┌─ Data to use

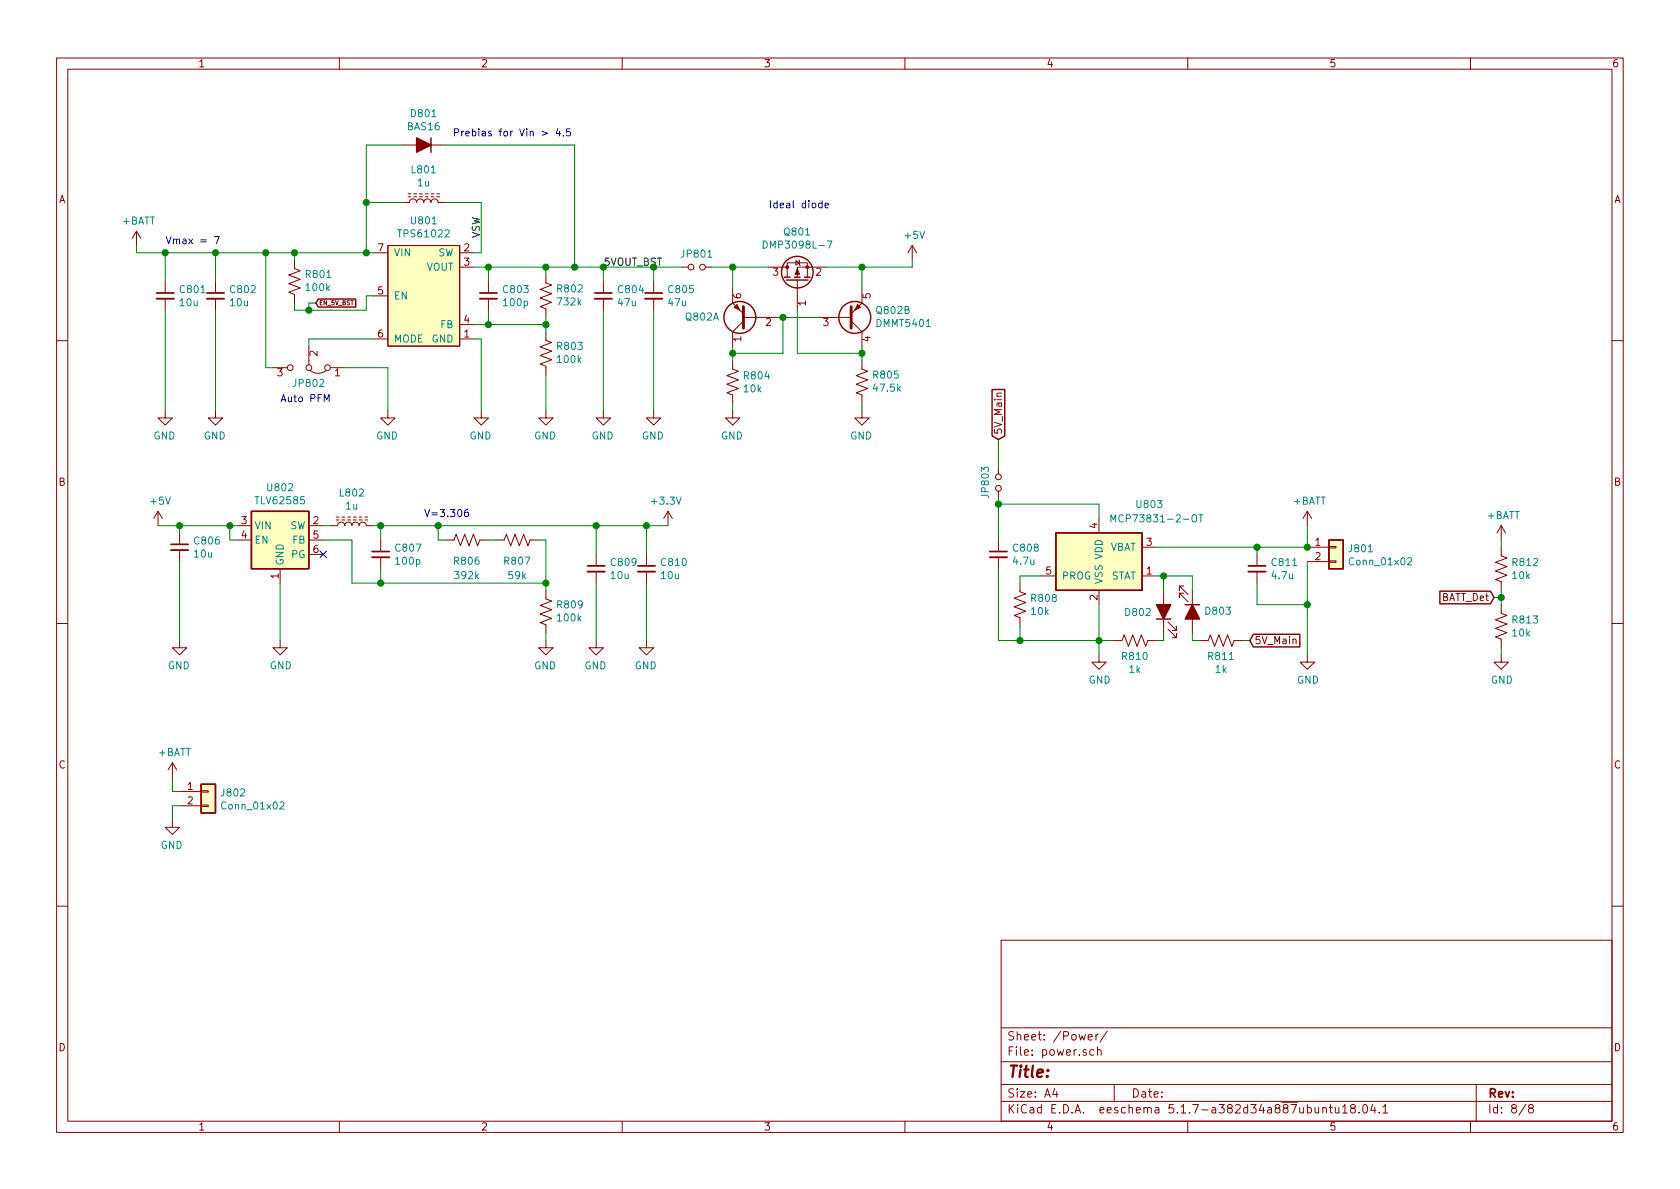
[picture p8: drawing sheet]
<svg xmlns="http://www.w3.org/2000/svg" width="297mm" height="210mm" viewBox="0 0 297 210" stroke-linecap="round" stroke-linejoin="round" font-family="sans-serif">
<g fill="none" stroke="#840000" stroke-width=".18">
<path d="M10 10.3h277v189.9h-277zM12 12.2h273v186.1h-273zM60 10.3v1.9M110 10.3v1.9M160 10.3v1.9M210 10.3v1.9M260 10.3v1.9M71.1 35.8h1.3a.63 .63 0 0 1 .6-.6 .63 .63 0 0 1 .7 .6 .63 .63 0 0 1 .6-.6 .63 .63 0 0 1 .6 .6 .63 .63 0 0 1 .7-.6 .63 .63 0 0 1 .6 .6 .63 .63 0 0 1 .6-.6 .63 .63 0 0 1 .7 .6h1.2M71.1 25.6h7.6M72.1 34.8h.5M72.1 34.3h.5M73.2 34.8h.5"/>
<path d="M73.2 34.3h.5M74.2 34.8h.5M74.2 34.3h.5M75.2 34.8h.5M75.2 34.3h.5M76.2 34.8h.5M76.2 34.3h.5M77.2 34.8h.5M77.2 34.3h.5M24.1 40.9l-.7 1.3M24.1 40.9v2.5M24.1 40.9l.8 1.3"/>
<path d="M29.2 49.8v2M29.2 52.8v2.1M38.1 49.8v2M38.1 52.8v2.1M52.1 46v1.5l1 .4-2 .7 2 .8-2 .8 2 .7-2 .8 1 .4v1.5M66 59.9h2.6M66 44.7h2.6M66 52.3h2.6M68.6 43.4h12.7v17.8h-12.7zM81.3 47.2h2.5M81.3 59.9h2.5M81.3 44.7h2.5"/>
<path d="M81.3 57.4h2.5M86.4 49.8v2M86.4 52.8v2.1M96.5 58.7v1.5l1 .4-2 .7 2 .8-2 .8 2 .7-2 .8 1 .4v1.5M96.5 48.5v1.5l1 .4-2 .8 2 .7-2 .8 2 .8-2 .7 1 .4v1.5M106.7 49.8v2M106.7 52.8v2.1M115.6 49.8v2M115.6 52.8v2.1M120.6 47.2h1.1M124.7 47.2h1M129.5 51v2.6l1.9 1.9"/>
<path d="M131.4 56.1h5.8M131.4 56.8l-1.9 1.9v2.5M135.9 47.2h3.3M139.2 49v-2.5h3.5v2.5M140.7 46.1l.7 .4-.7 .4zM141 49.5v5.4M141.2 46l.2 .1v.8l.1 .1M144.8 56.1h5.7M146 47.2h-5v1.8M150.5 56.8l1.9 1.9v2.5M152.4 51v2.6l-1.9 1.9M161.3 43.4l-.8 1.3"/>
<path d="M161.3 43.4v2.6M161.3 43.4l.8 1.3M10 60.2h2M29.2 72.6v1.3h-1.3l1.3 1.3 1.3-1.3h-1.3M38.1 72.6v1.3h-1.3l1.3 1.3 1.3-1.3h-1.3M48.3 65h2.5M54.6 61.2v3.3M54.9 65.5a2.26 2.26 0 0 0 2.8 0M58.4 65h2.6M68.6 72.6v1.3h-1.3l1.3 1.3 1.2-1.3h-1.2M85.1 72.6v1.3h-1.3l1.3 1.3 1.3-1.3h-1.3M96.5 72.6v1.3h-1.3l1.3 1.3 1.3-1.3h-1.3"/>
<path d="M106.7 72.6v1.3h-1.3l1.3 1.3 1.2-1.3h-1.2M115.6 72.6v1.3h-1.3l1.3 1.3 1.2-1.3h-1.2M129.5 63.7v1.6l1.1 .4-2.1 .7 2.1 .8-2.1 .7 2.1 .8-2.1 .8 1 .3v1.6M129.5 72.6v1.3h-1.2l1.2 1.3 1.3-1.3h-1.3M152.4 63.7v1.6l1 .4-2 .7 2 .8-2 .7 2 .8-2 .8 1 .3v1.6M152.4 72.6v1.3h-1.3l1.3 1.3 1.3-1.3h-1.3M285 60.2h2M27.9 90.4l-.7 1.3M27.9 90.4v2.6M27.9 90.4l.8 1.3M31.7 94.2v2.1M31.7 97.3v2"/>
<path d="M41.9 93h2.5M41.9 95.5h2.5M54.6 93h2.5M54.6 95.5h2.5M54.6 98h2.5M58.4 93h1.3a.63 .63 0 0 1 .6-.7 .63 .63 0 0 1 .7 .7 .63 .63 0 0 1 .6-.7 .63 .63 0 0 1 .6 .7 .63 .63 0 0 1 .7-.7 .63 .63 0 0 1 .6 .7 .63 .63 0 0 1 .6-.7 .63 .63 0 0 1 .7 .7h1.2M59.4 91.9h.5M59.4 91.4h.5M60.5 91.9h.5M60.5 91.4h.5M61.5 91.9h.5M61.5 91.4h.5"/>
<path d="M62.5 91.9h.5M62.5 91.4h.5M63.5 91.9h.5M63.5 91.4h.5M64.5 91.9h.5M64.5 91.4h.5M67.3 95.5v2M67.3 98.5v2.1M78.7 95.5h1.6l.3-1 .8 2 .8-2 .7 2 .8-2 .8 2 .3-1h1.6M87.6 95.5h1.6l.3-1 .8 2 .8-2 .7 2 .8-2 .7 2 .4-1h1.5M105.4 98v2.1M114.3 98v2.1"/>
<path d="M118.1 90.4l.8 1.3M118.1 90.4v2.6M118.1 90.4l-.8 1.3M176.5 82.8v1M176.5 86.9v1M176.5 95.5v2M176.5 98.5v2.1M194.3 91.7v2.5M201.9 96.8h2.6M222.2 98v2.1M231.1 96.8h3.8M231.1 99.3h3.8"/>
<path d="M231.1 90.4l-.7 1.3M231.1 90.4v2.6M231.1 90.4l.8 1.3M234.9 99.2h1.3v.2h-1.3zM234.9 96.6h1.3v.3h-1.3zM265.4 96.8v1.5l1 .4-2 .7 2 .8-2 .8 2 .7-2 .8 1 .4v1.5M265.4 93v2.5M265.4 93l-.7 1.2M265.4 93l.8 1.2M10 110.3h2M31.7 113.3v1.2h-1.2l1.2 1.3 1.3-1.3h-1.3M49.5 113.3v1.2h1.3l-1.3 1.3-1.2-1.3h1.2"/>
<path d="M49.5 100.6v2.5M96.5 104.4v1.5l1 .4-2 .8 2 .7-2 .8 2 .7-2 .8 1 .4v1.5M96.5 113.3v1.2h-1.3l1.3 1.3 1.3-1.3h-1.3M105.4 113.3v1.2h-1.3l1.3 1.3 1.3-1.3h-1.3M105.4 101.1v2M114.3 113.3v1.2h-1.3l1.3 1.3 1.3-1.3h-1.3M114.3 101.1v2M180.3 103.1v1.5l1.1 .4-2.1 .8 2.1 .7-2.1 .8 2.1 .8-2.1 .7 1 .4v1.5M184.1 101.8h2.6M194.3 115.8v1.3h1.3l-1.3 1.3-1.3-1.3h1.3M194.3 104.4v2.5M196.8 113.3h1.6l.4-1 .7 2 .8-2 .7 2 .8-2 .8 2 .3-1h1.6"/>
<path d="M201.9 101.8h2.6M205.7 104.4v7.6M206.5 111.2l1.5 1.6v-.8v.8h-.7M206.5 110l1.5 1.5v-.8v.8h-.7M209.3 103.6h-.8v.8v-.8l1.6 1.6M209.3 104.9h-.8v.8v-.8l1.6 1.5M210.8 104.4v7.6M212.1 113.3h1.5l.4-1 .8 2 .7-2 .8 2 .7-2 .8 2 .4-1h1.5M222.2 101.1v2M231.1 115.8v1.3h1.3l-1.3 1.3-1.2-1.3h1.2M265.4 115.8v1.3h1.3l-1.3 1.3-1.2-1.3h1.2M265.4 106.9v1.6l1 .3-2 .8 2 .8-2 .7 2 .8-2 .7 1 .4v1.5"/>
<path d="M285 110.3h2M30.5 134.9l-.8 1.2M30.5 134.9v2.5M30.5 134.9l.7 1.2M31.7 139.9h3.9M35.6 139.8h1.2v.3h-1.2zM30.5 145v1.3h-1.3l1.3 1.3 1.2-1.3h-1.2M31.7 142.5h3.9M35.6 142.4h1.2v.2h-1.2zM10 160.2h2M177 166.3h108v32h-108zM285 160.2h2"/>
<path d="M60 198.3v1.9M110 198.3v1.9M160 198.3v1.9M177 194.8h108M177 191.8h108M177 187.8h108M177 181.8h108M186.5 192.5l-.4 1h1M186.8 193v1M192.4 183.4l.7-.1v-.3l-.5-.1-.2 .2 .1 .7h.6M193.4 185.7l-.4-.1-.3 .3 .1 .6 .2 .1 .4-.1M193.8 182.9v1"/>
<path d="M194.1 185.7l.2-.1 .3 .1 .1 .9M194.1 185.1v1.5M194.2 182.9l-.4 .2v.1M195.8 182.3l-1.3 2M197 191.8v3M210 198.3v1.9M233.9 196v-.1a.37 .37 0 0 1 .6 .1v.8M233.9 195.8v1M235 195.8h.6M235.2 195.3v1.3l.4 .2M236.1 195.8v.9l.4 .1 .2-.1M236.7 195.8v1"/>
<path d="M237.4 195.8l.4-.5v1.5M237.4 196.8h.8M239.1 196l-.2-.2-.1-.2 .3-.3h.3l.2 .3v.2l-.7 .2a.48 .48 0 0 0 0 .7l.2 .1 .5-.1a.48 .48 0 0 0-.2-.7M240.3 196.7v.1M241.1 195.5l.3-.2a.94 .94 0 0 1 0 1.5l-.4-.3-.1-.6zM242.7 195.2l-.3 1.1h.9M243.1 195.8v1M243.9 196.7v.1M244.5 195.8l.4-.5v1.5M244.5 196.8h.9M260 198.3v1.9M261 191.8v6.5"/>
<path d="M269.8 195.2l-1.2 2M270.6 196l-.3-.2v-.2l.3-.3h.2l.3 .3-.1 .2-.6 .2a.48 .48 0 0 0-.1 .7l.3 .1 .4-.1a.48 .48 0 0 0-.2-.7"/>
<circle cx="122.2" cy="47.2" r=".51"/>
<circle cx="124.2" cy="47.2" r=".51"/>
<circle cx="51.3" cy="65" r=".51"/>
<circle cx="54.6" cy="65" r=".51"/>
<circle cx="57.9" cy="65" r=".51"/>
<circle cx="176.5" cy="84.3" r=".51"/>
<circle cx="176.5" cy="86.4" r=".51"/>
</g>
<g fill="none" stroke="#840000" stroke-width=".25">
<path d="M76.2 24.4v2.5M56.3 52.9h6.6v1.4h-6.6l-.4-.7zM138.7 49h1M139.1 49.5h3.8M140.5 49h1M142.2 49h1.1M175.4 68.9h2.2v8.2l-1.1 .6-1.1-.6zM44.4 90.4h10.2v10.2h-10.2zM186.7 94.2h15.2v10.2h-15.2zM234.9 95.5h2.6v5.1h-2.6zM204.5 109.5h2.5M209.5 106.9h2.6"/>
<path d="M221.6 112.2h8.2v2.2h-8.2l-.6-1.1zM254.6 104.5h8.9l.7 1.2-.7 1.1h-8.9zM35.6 138.7h2.5v5.1h-2.5z"/>
<circle cx="130.8" cy="56.1" r="2.82"/>
<circle cx="141" cy="48.1" r="2.79"/>
<circle cx="151.1" cy="56.1" r="2.82"/>
</g>
<g fill="#840000" stroke="#840000" stroke-width=".18">
<path d="M141 47.5l.4 1h-.8z"/>
<path d="M130.3 53.8l.5 1.1-1-.5z"/>
<path d="M151.6 53.8l.5 .6-1 .5z"/>
<circle cx="142.7" cy="47.2" r=".25"/>
<circle cx="139.2" cy="47.2" r=".25"/>
</g>
<path d="M135 42.6a.64 .64 0 0 1 .7 .7 .64 .64 0 0 1-.7 .6zM146.3 42.6h.8l-.5 1.3M196.4 92.3v-1.3l.4 .9 .5-.9v1.3M212 91h.7M212.3 91v1.3M248.9 98.7l.5-.1 .2 .4v.2l-.8 .7h.8M49.5 141.9l.5-.1 .2 .4v.2l-.8 .7h.8" fill="none" stroke="#008484" stroke-width=".18"/>
<path d="M131.4 54.2v3.8M150.5 54.2v3.8" fill="none" stroke="#840000" stroke-width=".51"/>
<g fill="#ffffc2" stroke="#ffffc2" stroke-width=".18">
<path d="M35.6 138.7h2.5v5.1h-2.5z"/>
<path d="M44.4 90.4h10.2v10.2h-10.2z"/>
<path d="M68.6 43.4h12.7v17.8h-12.7z"/>
<path d="M186.7 94.2h15.2v10.2h-15.2z"/>
<path d="M234.9 95.5h2.6v5.1h-2.6z"/>
</g>
<path d="M27.7 52.8h3M36.6 52.8h3M84.8 52.8h3.1M105.2 52.8h3M114 52.8h3.1M30.2 97.3h3.1M65.8 98.5h3M175 98.5h3.1M103.9 101.1h3M112.8 101.1h3M220.7 101.1h3.1" fill="none" stroke="#840000" stroke-width=".33"/>
<path d="M27.7 51.8h3M36.6 51.8h3M84.8 51.8h3.1M105.2 51.8h3M114 51.8h3.1M30.2 96.3h3.1M65.8 97.5h3M175 97.5h3.1M103.9 100.1h3M112.8 100.1h3M220.7 100.1h3.1" fill="none" stroke="#840000" stroke-width=".3"/>
<g fill="#840000" stroke="#840000" stroke-width=".25">
<path d="M73.7 24.4l2.5 1.2-2.5 1.3z"/>
<path d="M204.5 106.9h2.5l-1.3 2.6z"/>
<path d="M210.8 106.9l1.3 2.6h-2.6z"/>
</g>
<g fill="none" stroke="#008400" stroke-width=".18">
<path d="M64.8 35.8h6.3M71.1 25.6h-6.3v19.1M78.7 35.8h6.4v8.9h-1.3M78.7 25.6h22.9v21.6M24.1 43.4v1.3h41.9M29.2 44.7v5.1M29.2 54.9v17.7M38.1 44.7v5.1M38.1 54.9v17.7M47 44.7v20.3h1.3M52.1 44.7v1.3M55.9 53.6h-1.3v1.3"/>
<path d="M66 52.3h-1.2v2.6h-12.7v-1.3M66 59.9h-11.4v1.3M83.8 47.2h36.8M83.8 59.9h1.3v12.7M83.8 57.4h12.7M86.4 47.2v2.6M86.4 54.9v2.5M96.5 47.2v1.3M96.5 56.1v2.6M106.7 47.2v2.6M106.7 54.9v17.7M115.6 47.2v2.6"/>
<path d="M115.6 54.9v17.7M125.7 47.2h10.2M129.5 47.2v3.8M137.2 56.1h7.6M138.4 56.1v6.4h-8.9M141 54.9v7.6h11.4M152.4 47.2v3.8M161.3 46v1.2h-15.3M61 65h7.6v7.6M96.5 66.3v6.3M129.5 61.2v2.5M129.5 71.4v1.2"/>
<path d="M152.4 61.2v2.5M152.4 71.4v1.2M176.5 77.7v5.1M27.9 93h14M31.7 93v1.2M31.7 99.3v14M40.6 93v2.5h1.3M57.1 95.5h5.1v7.6h34.3M57.1 93h1.3M66 93h52.1M67.3 93v2.5M77.5 93v2.5h1.2"/>
<path d="M86.4 95.5h1.2M95.2 95.5h1.3v8.9M105.4 93v5M114.3 93v5M176.5 87.9v7.6M176.5 89.1h17.8v2.6M222.2 96.8v1.2M231.1 93v3.8h-26.6M231.1 99.3v16.5M265.4 95.5v1.3M49.5 103.1v10.2M67.3 100.6v2.5"/>
<path d="M96.5 112v1.3M105.4 103.1v10.2M114.3 103.1v10.2M176.5 100.6v12.7h20.3M180.3 110.7v2.6M184.1 101.8h-3.8v1.3M194.3 106.9v8.9M204.5 101.8h6.3v2.6M205.7 112v1.3h-1.2M205.7 101.8v2.6M210.8 112v1.3h1.3M219.7 113.3h1.3"/>
<path d="M222.2 103.1v3.8h8.9M264.2 105.7h1.2M265.4 104.4v2.5M265.4 114.5v1.3M30.5 137.4v2.5h1.2M31.7 142.5h-1.2v2.5"/>
</g>
<path d="M95.9 23.2l.9 .4-.9 .3M98.6 22.7l-.3 .9h.8M98.9 23.2v.8M99.6 23.9v.1M100.8 22.8h-.6v.6l.4-.1 .3 .2v.3l-.3 .2-.4-.1M145.3 36l-.3-.1-.3 .2 .2 .6h.4M145.3 35.5v1.2M145.9 36.3l.6-.1-.1-.2-.4-.1-.1 .2v.6h.5M37.9 41.8h.9l-.6 1.3M57.3 71v-1.2l.5 .9 .4-.9v1.2M82.7 90.1h-.2a.79 .79 0 0 0-.1 1.3l.4-.2v-.5l-.4-.1-.3 .2" fill="none" stroke="#0000c2" stroke-width=".18"/>
<g fill="#008400" stroke="#008400" stroke-width=".25">
<circle cx="205.7" cy="101.8" r=".51"/>
<circle cx="54.6" cy="54.9" r=".51"/>
<circle cx="176.5" cy="89.1" r=".51"/>
<circle cx="231.1" cy="106.9" r=".51"/>
<circle cx="265.4" cy="105.7" r=".51"/>
<circle cx="40.6" cy="93" r=".51"/>
<circle cx="67.3" cy="103.1" r=".51"/>
<circle cx="29.2" cy="44.7" r=".51"/>
<circle cx="67.3" cy="93" r=".51"/>
<circle cx="96.5" cy="103.1" r=".51"/>
<circle cx="86.4" cy="57.4" r=".51"/>
<circle cx="101.6" cy="47.2" r=".51"/>
<circle cx="96.5" cy="47.2" r=".51"/>
<circle cx="86.4" cy="47.2" r=".51"/>
<circle cx="96.5" cy="57.4" r=".51"/>
<circle cx="31.8" cy="93" r=".51"/>
<circle cx="138.4" cy="56.1" r=".51"/>
<circle cx="114.3" cy="93" r=".51"/>
<circle cx="105.4" cy="93" r=".51"/>
<circle cx="129.5" cy="62.5" r=".51"/>
<circle cx="152.4" cy="62.5" r=".51"/>
<circle cx="194.3" cy="113.3" r=".51"/>
<circle cx="129.5" cy="47.2" r=".51"/>
<circle cx="152.4" cy="47.2" r=".51"/>
<circle cx="64.8" cy="35.8" r=".51"/>
<circle cx="52.1" cy="44.7" r=".51"/>
<circle cx="231.1" cy="96.8" r=".51"/>
<circle cx="222.3" cy="96.8" r=".51"/>
<circle cx="38.1" cy="44.7" r=".51"/>
<circle cx="47" cy="44.7" r=".51"/>
<circle cx="64.8" cy="44.7" r=".51"/>
<circle cx="77.5" cy="93" r=".51"/>
<circle cx="180.3" cy="113.3" r=".51"/>
</g>
<path d="M56.5 97.4l1.3 1.2M57.8 97.4l-1.3 1.2" fill="none" stroke="#000084" stroke-width=".18"/>
<text font-size="2.8" fill="#840000" x="178" y="190.5">Title:</text>
<g font-size="2.1" fill="#840000">
<text x="178" y="184">Sheet: /Power/</text>
<text x="178" y="186.7">File: power.sch</text>
<text x="178" y="196.9">KiCad E.D.A. eeschema 5.1.7-a382d34a887ubuntu18.04.1</text>
<text x="178" y="194.1">Size: A4</text>
<text x="200" y="194.1">Date:</text>
<text x="263" y="194.1">Rev:</text>
<text x="263" y="196.9">Id: 8/8</text>
</g>
<g font-size="1.8" fill="#840000">
<text x="35" y="11.9">1</text>
<text x="85" y="11.9">2</text>
<text x="135" y="11.9">3</text>
<text x="185" y="11.9">4</text>
<text x="235" y="11.9">5</text>
<text x="285" y="11.9">6</text>
<text x="10.4" y="35.9">A</text>
<text x="285.4" y="35.9">A</text>
<text x="66.8" y="44.4">7</text>
<text x="82.1" y="44.4">2</text>
<text x="82.1" y="47">3</text>
<text x="66.8" y="52.1">5</text>
<text x="131.1" y="52.8" transform="rotate(-90 131.1 52.8)">6</text>
<text x="136.7" y="48.8">3</text>
<text x="144.3" y="48.8">2</text>
<text x="153.9" y="52.8" transform="rotate(-90 153.9 52.8)">5</text>
<text x="66.8" y="59.7">6</text>
<text x="82.1" y="59.7">1</text>
<text x="82.1" y="57.1">4</text>
<text x="135.4" y="57.7">2</text>
<text x="142.5" y="54.1" transform="rotate(-90 142.5 54.1)">1</text>
<text x="145.6" y="57.7">3</text>
<text x="56.1" y="63" transform="rotate(-90 56.1 63)">2</text>
<text x="131.1" y="60.4" transform="rotate(-90 131.1 60.4)">1</text>
<text x="153.9" y="60.4" transform="rotate(-90 153.9 60.4)">4</text>
<text x="49" y="66.5">3</text>
<text x="59.2" y="66.5">1</text>
<text x="177.2" y="76.9" transform="rotate(-90 177.2 76.9)">5V_Main</text>
<text x="10.4" y="85.9">B</text>
<text x="285.4" y="85.9">B</text>
<text x="42.7" y="92.7">3</text>
<text x="42.7" y="95.2">4</text>
<text x="55.4" y="92.7">2</text>
<text x="55.4" y="95.2">5</text>
<text x="194.1" y="93.4" transform="rotate(-90 194.1 93.4)">4</text>
<text x="55.4" y="97.8">6</text>
<text x="184.9" y="101.6">5</text>
<text x="202.7" y="101.6">1</text>
<text x="202.7" y="96.5">3</text>
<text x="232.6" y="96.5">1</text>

└─

_Description of the task_. Look over the listing above. Pick out and copy every line that includes "font".

_Completed task_.
<svg xmlns="http://www.w3.org/2000/svg" width="297mm" height="210mm" viewBox="0 0 297 210" stroke-linecap="round" stroke-linejoin="round" font-family="sans-serif">
<text font-size="2.8" fill="#840000" x="178" y="190.5">Title:</text>
<g font-size="2.1" fill="#840000">
<g font-size="1.8" fill="#840000">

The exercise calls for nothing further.